**TASK GOAL:** Pull out every line below that holds the word "amount".
######
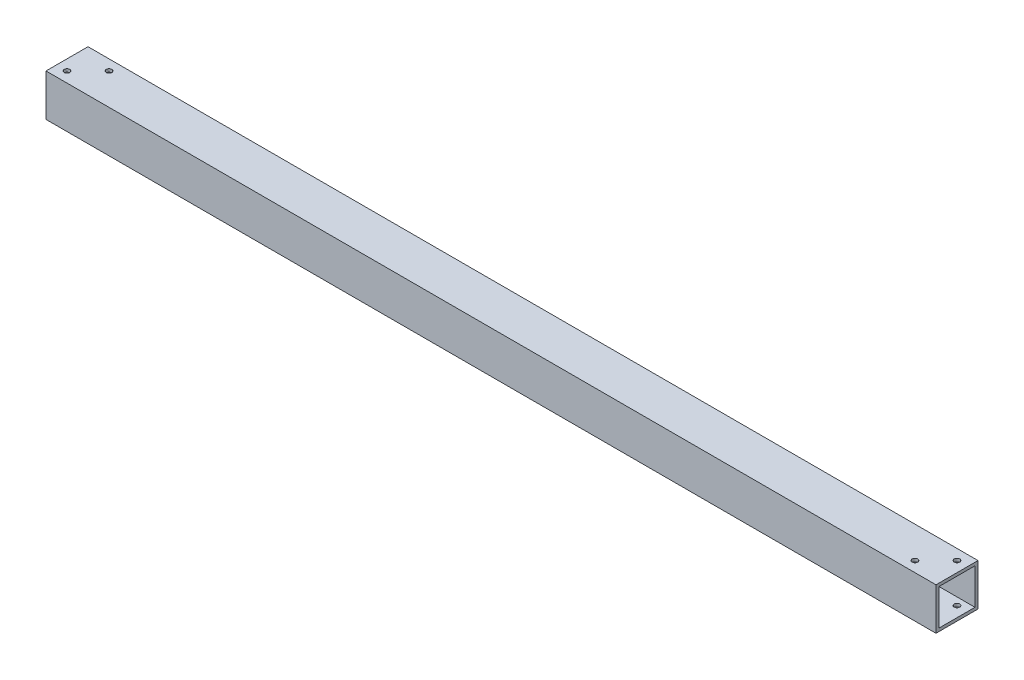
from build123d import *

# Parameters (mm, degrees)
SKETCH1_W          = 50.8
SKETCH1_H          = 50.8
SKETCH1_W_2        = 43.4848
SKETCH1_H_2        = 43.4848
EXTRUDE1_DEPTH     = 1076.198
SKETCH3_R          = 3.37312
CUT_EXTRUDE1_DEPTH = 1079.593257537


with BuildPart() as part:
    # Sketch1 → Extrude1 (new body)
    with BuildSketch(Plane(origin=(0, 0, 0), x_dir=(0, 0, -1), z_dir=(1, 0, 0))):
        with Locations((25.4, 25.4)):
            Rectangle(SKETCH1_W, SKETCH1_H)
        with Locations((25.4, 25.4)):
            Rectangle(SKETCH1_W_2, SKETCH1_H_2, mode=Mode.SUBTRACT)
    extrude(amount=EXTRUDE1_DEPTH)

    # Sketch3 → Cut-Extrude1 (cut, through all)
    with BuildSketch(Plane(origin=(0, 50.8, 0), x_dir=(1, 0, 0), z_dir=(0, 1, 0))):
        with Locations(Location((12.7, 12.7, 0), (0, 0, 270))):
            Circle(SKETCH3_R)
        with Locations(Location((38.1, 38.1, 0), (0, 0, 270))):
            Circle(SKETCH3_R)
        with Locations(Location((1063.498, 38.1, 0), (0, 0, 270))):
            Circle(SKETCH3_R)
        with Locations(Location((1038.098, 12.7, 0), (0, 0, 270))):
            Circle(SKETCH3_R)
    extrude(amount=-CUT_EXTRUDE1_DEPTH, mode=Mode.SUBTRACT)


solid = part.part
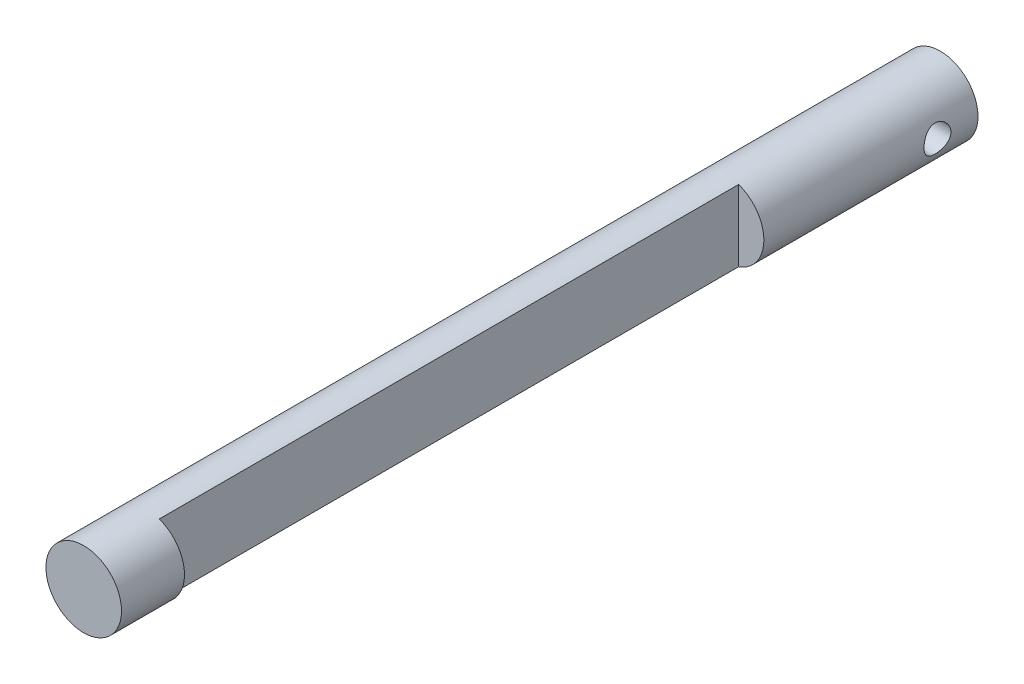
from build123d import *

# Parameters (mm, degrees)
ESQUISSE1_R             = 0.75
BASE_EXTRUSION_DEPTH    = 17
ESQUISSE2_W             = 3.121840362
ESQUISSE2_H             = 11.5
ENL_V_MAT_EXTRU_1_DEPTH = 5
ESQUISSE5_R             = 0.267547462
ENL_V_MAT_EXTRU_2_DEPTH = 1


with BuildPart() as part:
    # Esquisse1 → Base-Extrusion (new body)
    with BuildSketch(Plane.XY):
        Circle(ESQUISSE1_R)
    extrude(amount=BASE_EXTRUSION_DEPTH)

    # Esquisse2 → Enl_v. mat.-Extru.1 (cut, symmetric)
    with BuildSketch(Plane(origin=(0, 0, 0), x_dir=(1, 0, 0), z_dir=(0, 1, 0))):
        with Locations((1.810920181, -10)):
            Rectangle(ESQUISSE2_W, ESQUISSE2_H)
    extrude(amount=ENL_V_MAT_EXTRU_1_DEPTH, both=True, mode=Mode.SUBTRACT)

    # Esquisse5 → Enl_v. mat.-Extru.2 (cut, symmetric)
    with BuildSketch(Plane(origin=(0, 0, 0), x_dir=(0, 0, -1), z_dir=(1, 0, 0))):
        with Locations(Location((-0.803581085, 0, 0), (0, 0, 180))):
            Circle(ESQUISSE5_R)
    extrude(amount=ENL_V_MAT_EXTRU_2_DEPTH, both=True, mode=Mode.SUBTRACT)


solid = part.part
######
**SOLUTION FOR THIS PROBLEM:**
    extrude(amount=EXTRUDE1_DEPTH)
    extrude(amount=-CUT_EXTRUDE1_DEPTH, mode=Mode.SUBTRACT)
    extrude(amount=BASE_EXTRUSION_DEPTH)
    extrude(amount=ENL_V_MAT_EXTRU_1_DEPTH, both=True, mode=Mode.SUBTRACT)
    extrude(amount=ENL_V_MAT_EXTRU_2_DEPTH, both=True, mode=Mode.SUBTRACT)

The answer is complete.